Range to output from the entries below: the line containing "J2.2; also elsewhere on the board" through the line containing "(VBUS); also elsewhere on the board". Set it down exactly, ends included, nothing else.
─── SOURCE DATA ───
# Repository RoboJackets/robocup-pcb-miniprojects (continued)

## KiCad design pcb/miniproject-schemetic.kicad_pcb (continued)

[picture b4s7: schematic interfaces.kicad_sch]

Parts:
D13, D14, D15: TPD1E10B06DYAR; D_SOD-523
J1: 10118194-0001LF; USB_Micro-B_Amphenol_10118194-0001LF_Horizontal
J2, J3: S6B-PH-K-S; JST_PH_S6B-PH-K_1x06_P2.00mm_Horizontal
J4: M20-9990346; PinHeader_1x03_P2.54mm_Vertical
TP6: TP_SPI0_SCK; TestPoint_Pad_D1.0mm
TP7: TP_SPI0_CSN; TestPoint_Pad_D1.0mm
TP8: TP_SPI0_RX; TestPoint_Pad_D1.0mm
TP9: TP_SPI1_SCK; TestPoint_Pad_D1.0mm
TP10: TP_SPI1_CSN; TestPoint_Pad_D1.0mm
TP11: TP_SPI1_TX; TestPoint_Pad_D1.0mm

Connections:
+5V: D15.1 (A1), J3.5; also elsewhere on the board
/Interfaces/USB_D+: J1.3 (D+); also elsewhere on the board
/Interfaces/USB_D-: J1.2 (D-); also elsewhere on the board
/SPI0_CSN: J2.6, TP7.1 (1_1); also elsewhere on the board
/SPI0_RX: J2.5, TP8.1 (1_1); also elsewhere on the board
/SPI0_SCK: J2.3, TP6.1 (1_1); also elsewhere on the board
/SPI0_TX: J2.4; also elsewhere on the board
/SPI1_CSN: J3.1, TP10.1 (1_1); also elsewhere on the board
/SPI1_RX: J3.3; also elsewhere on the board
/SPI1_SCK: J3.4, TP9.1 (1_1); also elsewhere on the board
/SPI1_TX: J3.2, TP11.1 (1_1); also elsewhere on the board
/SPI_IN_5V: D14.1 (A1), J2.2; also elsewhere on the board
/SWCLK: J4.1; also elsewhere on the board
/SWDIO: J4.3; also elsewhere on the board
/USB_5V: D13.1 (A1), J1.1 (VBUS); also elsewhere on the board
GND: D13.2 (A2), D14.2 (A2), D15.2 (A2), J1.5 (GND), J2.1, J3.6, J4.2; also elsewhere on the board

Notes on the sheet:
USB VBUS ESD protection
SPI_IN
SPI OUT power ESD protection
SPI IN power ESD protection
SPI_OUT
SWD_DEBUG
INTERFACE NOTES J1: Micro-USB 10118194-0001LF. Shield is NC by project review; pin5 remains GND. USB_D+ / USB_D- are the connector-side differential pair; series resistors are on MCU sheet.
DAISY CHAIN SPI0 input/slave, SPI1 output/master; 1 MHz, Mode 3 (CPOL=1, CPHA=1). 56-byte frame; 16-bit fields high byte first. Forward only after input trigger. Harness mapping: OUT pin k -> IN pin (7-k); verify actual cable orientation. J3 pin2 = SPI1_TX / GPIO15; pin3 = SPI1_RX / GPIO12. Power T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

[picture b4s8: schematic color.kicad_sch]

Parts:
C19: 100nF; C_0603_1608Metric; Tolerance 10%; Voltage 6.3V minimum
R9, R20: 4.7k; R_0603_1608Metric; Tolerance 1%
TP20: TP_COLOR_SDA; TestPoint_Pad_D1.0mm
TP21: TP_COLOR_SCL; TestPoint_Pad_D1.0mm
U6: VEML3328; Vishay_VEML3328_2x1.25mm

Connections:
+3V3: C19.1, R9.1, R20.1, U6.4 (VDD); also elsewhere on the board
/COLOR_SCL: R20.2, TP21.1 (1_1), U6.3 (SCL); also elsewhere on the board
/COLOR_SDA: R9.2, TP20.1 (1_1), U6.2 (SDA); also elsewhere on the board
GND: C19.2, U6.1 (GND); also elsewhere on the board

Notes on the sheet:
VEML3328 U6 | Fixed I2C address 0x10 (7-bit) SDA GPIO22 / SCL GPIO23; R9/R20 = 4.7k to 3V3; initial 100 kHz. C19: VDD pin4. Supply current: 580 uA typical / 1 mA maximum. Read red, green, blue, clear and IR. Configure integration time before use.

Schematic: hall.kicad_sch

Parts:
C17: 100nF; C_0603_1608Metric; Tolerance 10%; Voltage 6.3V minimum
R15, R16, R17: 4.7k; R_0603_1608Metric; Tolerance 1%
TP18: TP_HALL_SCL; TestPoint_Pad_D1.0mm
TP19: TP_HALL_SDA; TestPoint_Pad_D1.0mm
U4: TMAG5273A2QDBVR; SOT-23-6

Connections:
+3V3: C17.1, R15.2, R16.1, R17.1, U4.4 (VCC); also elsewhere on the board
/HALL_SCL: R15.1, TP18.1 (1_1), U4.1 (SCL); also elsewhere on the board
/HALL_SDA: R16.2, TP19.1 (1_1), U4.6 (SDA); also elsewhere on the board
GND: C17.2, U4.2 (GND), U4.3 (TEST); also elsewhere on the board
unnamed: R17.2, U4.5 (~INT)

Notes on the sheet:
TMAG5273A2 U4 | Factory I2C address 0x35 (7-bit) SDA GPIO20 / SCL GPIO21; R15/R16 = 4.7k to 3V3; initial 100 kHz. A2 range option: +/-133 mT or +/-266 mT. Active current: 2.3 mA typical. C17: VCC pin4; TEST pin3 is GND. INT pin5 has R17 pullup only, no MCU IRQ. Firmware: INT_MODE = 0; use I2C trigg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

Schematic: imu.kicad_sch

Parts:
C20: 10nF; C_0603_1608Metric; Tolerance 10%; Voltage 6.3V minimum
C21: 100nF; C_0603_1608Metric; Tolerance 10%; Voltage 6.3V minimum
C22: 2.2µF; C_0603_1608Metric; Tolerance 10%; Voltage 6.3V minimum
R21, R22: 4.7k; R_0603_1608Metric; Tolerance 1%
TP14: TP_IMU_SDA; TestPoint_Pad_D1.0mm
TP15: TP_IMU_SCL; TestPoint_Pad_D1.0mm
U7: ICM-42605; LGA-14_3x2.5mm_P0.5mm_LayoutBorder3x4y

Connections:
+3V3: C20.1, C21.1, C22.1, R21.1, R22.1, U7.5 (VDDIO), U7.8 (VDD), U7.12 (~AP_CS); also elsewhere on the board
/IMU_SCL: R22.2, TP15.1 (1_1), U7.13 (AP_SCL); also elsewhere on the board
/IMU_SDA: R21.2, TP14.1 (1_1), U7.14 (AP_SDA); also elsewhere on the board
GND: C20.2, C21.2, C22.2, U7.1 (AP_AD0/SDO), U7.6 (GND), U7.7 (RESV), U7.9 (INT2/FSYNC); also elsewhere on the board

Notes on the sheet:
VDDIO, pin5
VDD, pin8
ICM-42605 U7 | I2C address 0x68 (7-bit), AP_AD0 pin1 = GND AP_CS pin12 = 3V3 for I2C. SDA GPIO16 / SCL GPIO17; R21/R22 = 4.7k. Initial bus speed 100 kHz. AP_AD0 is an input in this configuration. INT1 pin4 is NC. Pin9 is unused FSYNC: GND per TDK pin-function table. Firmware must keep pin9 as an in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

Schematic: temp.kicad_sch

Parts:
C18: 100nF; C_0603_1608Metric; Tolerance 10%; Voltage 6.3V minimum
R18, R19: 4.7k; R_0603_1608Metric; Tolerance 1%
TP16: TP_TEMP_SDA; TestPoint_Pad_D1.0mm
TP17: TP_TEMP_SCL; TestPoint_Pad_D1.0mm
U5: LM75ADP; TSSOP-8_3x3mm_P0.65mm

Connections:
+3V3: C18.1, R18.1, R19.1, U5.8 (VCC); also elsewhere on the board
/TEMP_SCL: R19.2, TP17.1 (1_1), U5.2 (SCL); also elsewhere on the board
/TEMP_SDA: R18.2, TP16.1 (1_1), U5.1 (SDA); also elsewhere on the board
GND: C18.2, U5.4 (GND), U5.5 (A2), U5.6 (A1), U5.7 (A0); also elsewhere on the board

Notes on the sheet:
───
• SOLUTION BELOW
/SPI_IN_5V: D14.1 (A1), J2.2; also elsewhere on the board
/SWCLK: J4.1; also elsewhere on the board
/SWDIO: J4.3; also elsewhere on the board
/USB_5V: D13.1 (A1), J1.1 (VBUS); also elsewhere on the board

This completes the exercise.